Photorealistic AI images can blur the line between storytelling and simulation. They raise questions about authenticity, trust, and expectation management. If an image looks real, audiences may assume it represents something that exists, or something they will experience if they visit.
This is where my PhD work, and the AI Readiness and Ethical Targeting Toolkit (AIRETT), comes in. I am using small experiments like this to benchmark what AI can already do, how it feels from the viewer’s side, and what kinds of guardrails DMOs need before adopting similar approaches.
The question is not whether AI can help tourism promotion. It already can. The real question is how it should be used, by whom, and under what principles.
A few early reflections
Even in this playful test, a few things stand out.
AI-generated images are very persuasive very quickly. They require far less effort than traditional production. That makes ethical reflection more important, not less. And what about the work of local photographers and their livelihood?

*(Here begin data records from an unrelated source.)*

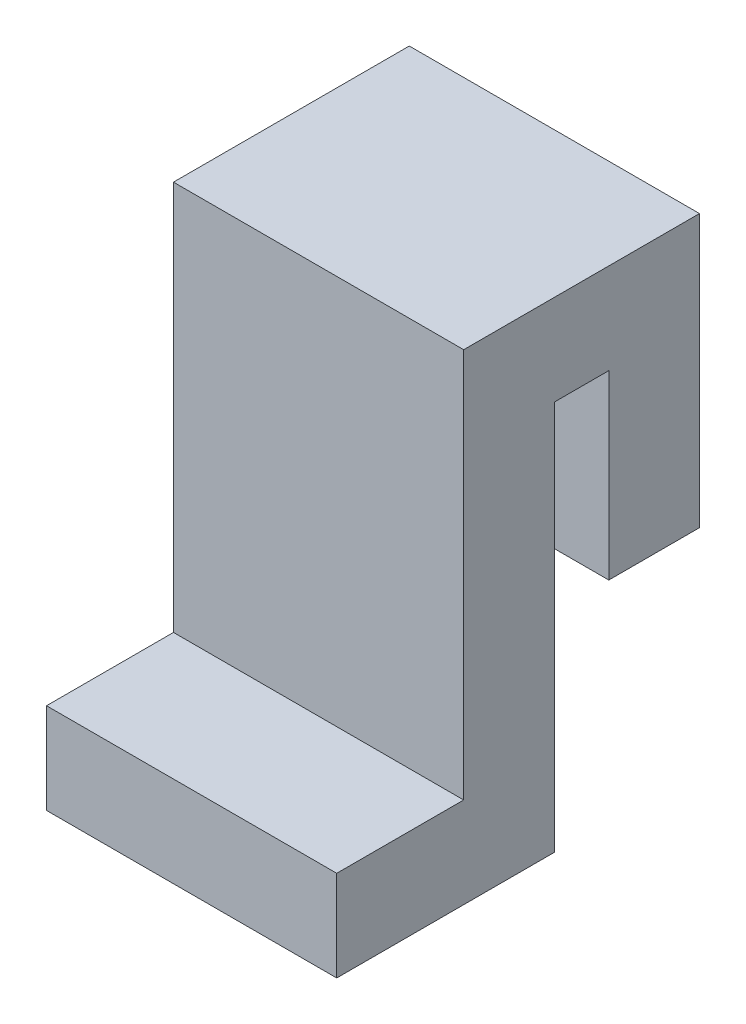
from build123d import *

# Parameters (mm, degrees)
BOSS_EXTRUDE1_DEPTH = 203.2


with BuildPart() as part:
    # Sketch1 → Boss-Extrude1 (new body, symmetric)
    with BuildSketch(Plane(origin=(0, 0, 0), x_dir=(0, 0, -1), z_dir=(1, 0, 0))):
        Polygon((-241.3, -273.05), (-63.5, -273.05), (-63.5, 273.05), (63.5, 273.05), (266.7, 273.05), (266.7, 146.05), (266.7, -107.95), (139.7, -107.95), (139.7, 146.05), (63.5, 146.05), (63.5, -273.05), (63.5, -400.05), (-241.3, -400.05), align=None)
    extrude(amount=BOSS_EXTRUDE1_DEPTH, both=True)


solid = part.part

Disclosure matters. If an image is AI-generated, audiences should know. Transparency builds trust, especially for destinations that rely on long-term relationships with visitors and residents.
Context matters. A playful portrait experiment is different from representing a place, a community, or a cultural experience. Rural destinations in particular need to be careful about how they are portrayed and by whom.
And finally, experimentation matters. DMOs cannot make good decisions about AI if they do not understand the tools firsthand. Avoidance is not a strategy. Blind adoption is not either.